Report all lines from the entries below in which "voltage" appears.
===== Records for this task =====
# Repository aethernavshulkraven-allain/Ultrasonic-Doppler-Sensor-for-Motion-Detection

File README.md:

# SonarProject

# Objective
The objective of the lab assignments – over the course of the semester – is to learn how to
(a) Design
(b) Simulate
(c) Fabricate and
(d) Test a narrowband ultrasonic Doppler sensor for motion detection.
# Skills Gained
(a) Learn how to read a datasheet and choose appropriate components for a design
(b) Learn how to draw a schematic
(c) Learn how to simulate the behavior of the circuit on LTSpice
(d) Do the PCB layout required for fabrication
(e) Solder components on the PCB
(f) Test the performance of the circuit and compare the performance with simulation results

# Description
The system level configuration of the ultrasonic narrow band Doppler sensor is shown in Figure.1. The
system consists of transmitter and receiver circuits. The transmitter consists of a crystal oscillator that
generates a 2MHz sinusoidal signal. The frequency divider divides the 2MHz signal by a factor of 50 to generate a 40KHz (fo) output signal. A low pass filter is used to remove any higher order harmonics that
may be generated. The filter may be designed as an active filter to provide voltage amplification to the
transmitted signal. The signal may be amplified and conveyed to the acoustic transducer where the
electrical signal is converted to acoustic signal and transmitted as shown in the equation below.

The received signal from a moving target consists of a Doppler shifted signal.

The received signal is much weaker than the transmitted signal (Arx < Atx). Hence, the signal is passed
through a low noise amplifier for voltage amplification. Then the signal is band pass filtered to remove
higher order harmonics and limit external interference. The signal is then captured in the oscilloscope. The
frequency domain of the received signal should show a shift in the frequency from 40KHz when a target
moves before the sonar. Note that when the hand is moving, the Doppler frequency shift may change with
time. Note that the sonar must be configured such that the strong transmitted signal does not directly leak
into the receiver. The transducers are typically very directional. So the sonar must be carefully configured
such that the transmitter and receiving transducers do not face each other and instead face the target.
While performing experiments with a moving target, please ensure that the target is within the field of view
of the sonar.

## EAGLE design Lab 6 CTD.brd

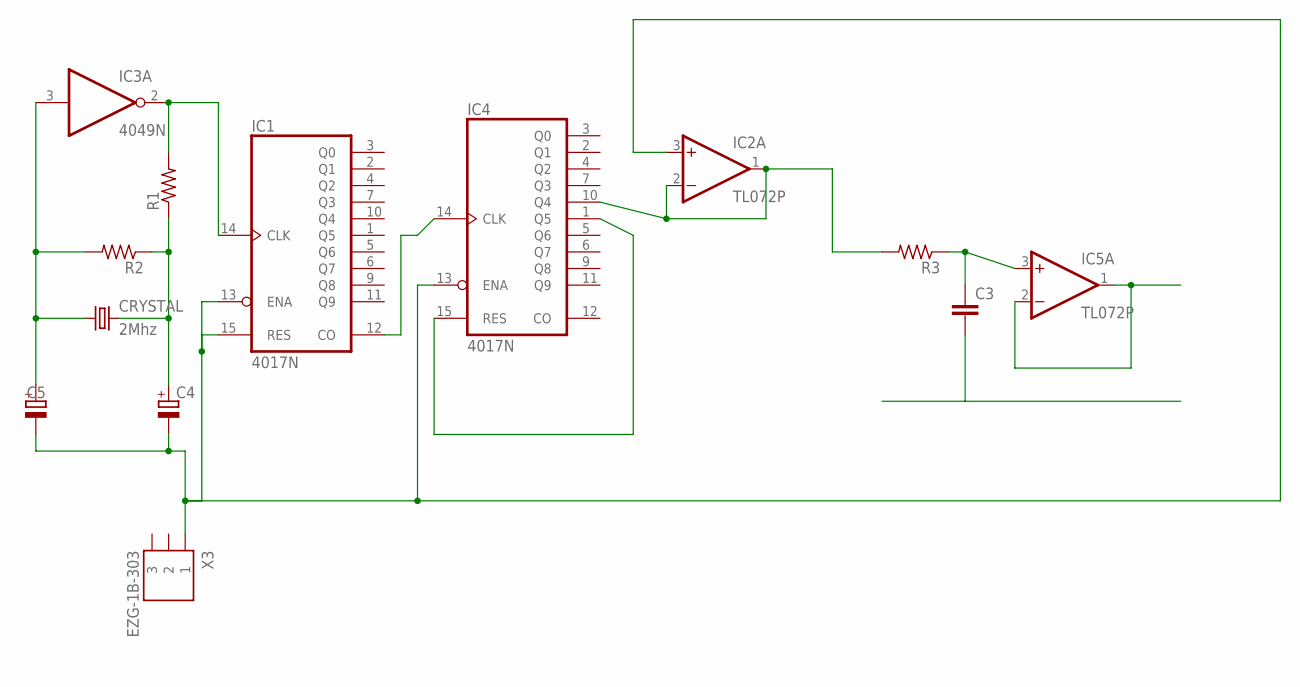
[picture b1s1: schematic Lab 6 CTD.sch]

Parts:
C3: C-EU050-025X075; C050-025X075
C4, C5: CPOL-EUB45181A; B45181A
CRYSTAL: 2Mhz; HC49U-V
IC1, IC4: 4017N; DIL16
IC2, IC5: TL072P; DIL08
IC3: 4049N; DIL16
R1, R2, R3: R-US_0411/15; 0411/15
X3: EZG-1B-303; EZG-1B-1K-303

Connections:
unnamed: IC1.14 (CLK), IC3.2 (O), R1.2
unnamed: IC1.12 (CO), IC4.14 (CLK)
unnamed: IC4.1 (Q5), IC4.15 (RES)
unnamed: C4.+, CRYSTAL.2, R1.1, R2.1
unnamed: C5.+, CRYSTAL.1, IC3.3 (I), R2.2
unnamed: IC2.1 (OUT), IC2.2 (-IN), IC4.10 (Q4), R3.2
unnamed: C3.1, IC5.3 (+IN), R3.1
unnamed: IC5.1 (OUT), IC5.2 (-IN)
unnamed: C4.-, C5.-, IC1.13 (ENA), IC1.15 (RES), IC2.3 (+IN), IC4.13 (ENA), X3.1
V+: IC2.8 (V+), IC5.8 (V+)
V-: IC2.4 (V-), IC5.4 (V-)
VDD: IC1.16 (VDD), IC3.1 (VDD), IC4.16 (VDD)
VSS: IC1.8 (VSS), IC3.8 (VSS), IC4.8 (VSS)

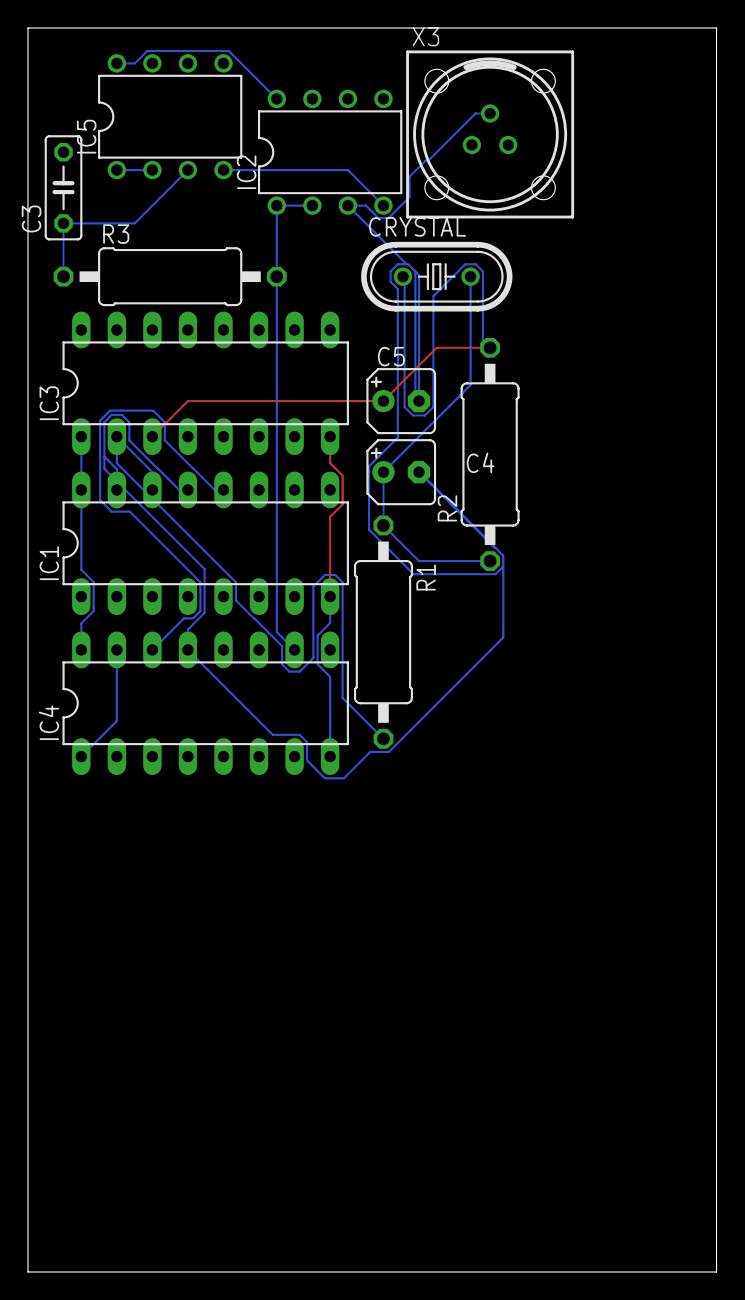
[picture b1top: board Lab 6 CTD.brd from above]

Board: 2 copper layers, 49.2 x 88.9 mm, 13 parts (0 on the bottom side), 13 nets.
=====
Solution below:
may be generated. The filter may be designed as an active filter to provide voltage amplification to the
through a low noise amplifier for voltage amplification. Then the signal is band pass filtered to remove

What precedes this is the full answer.